How to complete this task:
Produce an exact transcription of the data, with the images left out.

[Data records]

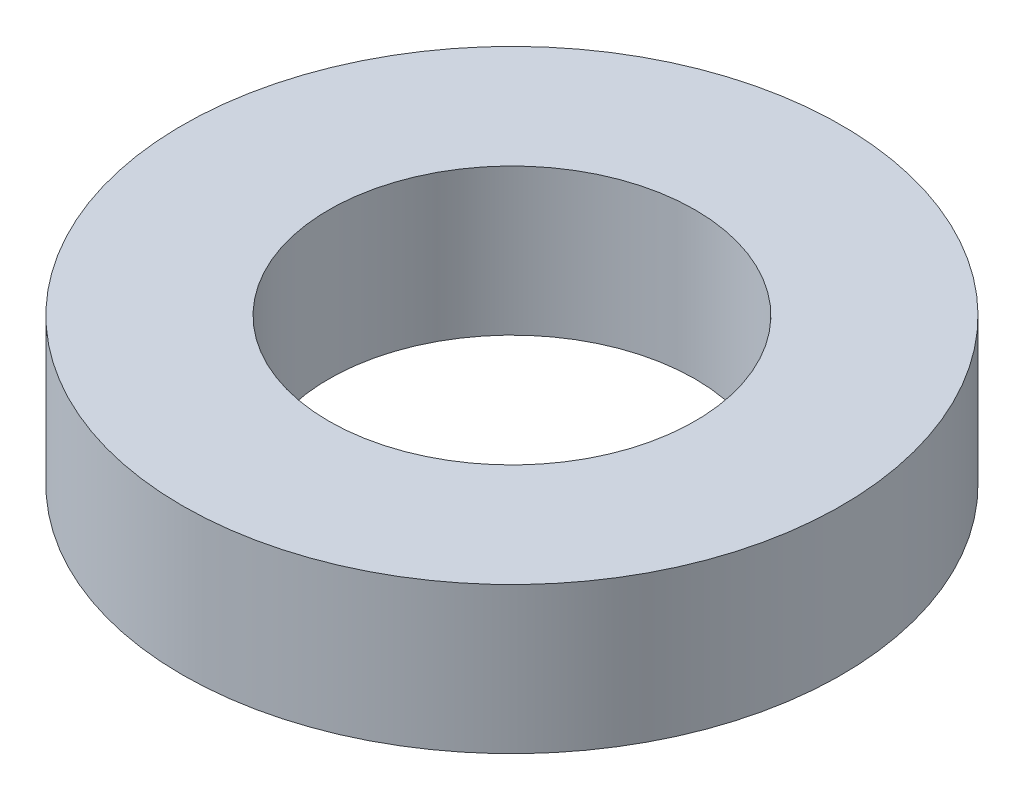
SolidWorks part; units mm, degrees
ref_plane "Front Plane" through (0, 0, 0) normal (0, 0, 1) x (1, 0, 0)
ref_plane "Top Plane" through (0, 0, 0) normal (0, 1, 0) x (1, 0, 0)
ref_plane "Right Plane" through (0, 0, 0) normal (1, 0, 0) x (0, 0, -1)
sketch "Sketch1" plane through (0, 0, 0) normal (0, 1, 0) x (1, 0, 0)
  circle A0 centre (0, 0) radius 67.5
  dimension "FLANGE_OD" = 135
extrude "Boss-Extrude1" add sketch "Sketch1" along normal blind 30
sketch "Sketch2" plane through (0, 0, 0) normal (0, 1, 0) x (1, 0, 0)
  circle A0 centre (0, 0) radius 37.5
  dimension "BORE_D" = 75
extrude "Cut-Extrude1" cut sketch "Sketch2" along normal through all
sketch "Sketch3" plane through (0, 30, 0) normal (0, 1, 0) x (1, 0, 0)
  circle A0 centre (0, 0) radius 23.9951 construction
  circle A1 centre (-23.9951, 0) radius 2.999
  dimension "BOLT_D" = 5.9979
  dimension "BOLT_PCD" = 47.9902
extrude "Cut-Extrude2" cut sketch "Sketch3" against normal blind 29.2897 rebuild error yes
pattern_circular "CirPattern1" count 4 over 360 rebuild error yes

Reply:
SolidWorks part; units mm, degrees
ref_plane "Front Plane" through (0, 0, 0) normal (0, 0, 1) x (1, 0, 0)
ref_plane "Top Plane" through (0, 0, 0) normal (0, 1, 0) x (1, 0, 0)
ref_plane "Right Plane" through (0, 0, 0) normal (1, 0, 0) x (0, 0, -1)
sketch "Sketch1" plane through (0, 0, 0) normal (0, 1, 0) x (1, 0, 0)
  circle A0 centre (0, 0) radius 67.5
  dimension "FLANGE_OD" = 135
extrude "Boss-Extrude1" add sketch "Sketch1" along normal blind 30
sketch "Sketch2" plane through (0, 0, 0) normal (0, 1, 0) x (1, 0, 0)
  circle A0 centre (0, 0) radius 37.5
  dimension "BORE_D" = 75
extrude "Cut-Extrude1" cut sketch "Sketch2" along normal through all
sketch "Sketch3" plane through (0, 30, 0) normal (0, 1, 0) x (1, 0, 0)
  circle A0 centre (0, 0) radius 23.9951 construction
  circle A1 centre (-23.9951, 0) radius 2.999
  dimension "BOLT_D" = 5.9979
  dimension "BOLT_PCD" = 47.9902
extrude "Cut-Extrude2" cut sketch "Sketch3" against normal blind 29.2897 rebuild error yes
pattern_circular "CirPattern1" count 4 over 360 rebuild error yes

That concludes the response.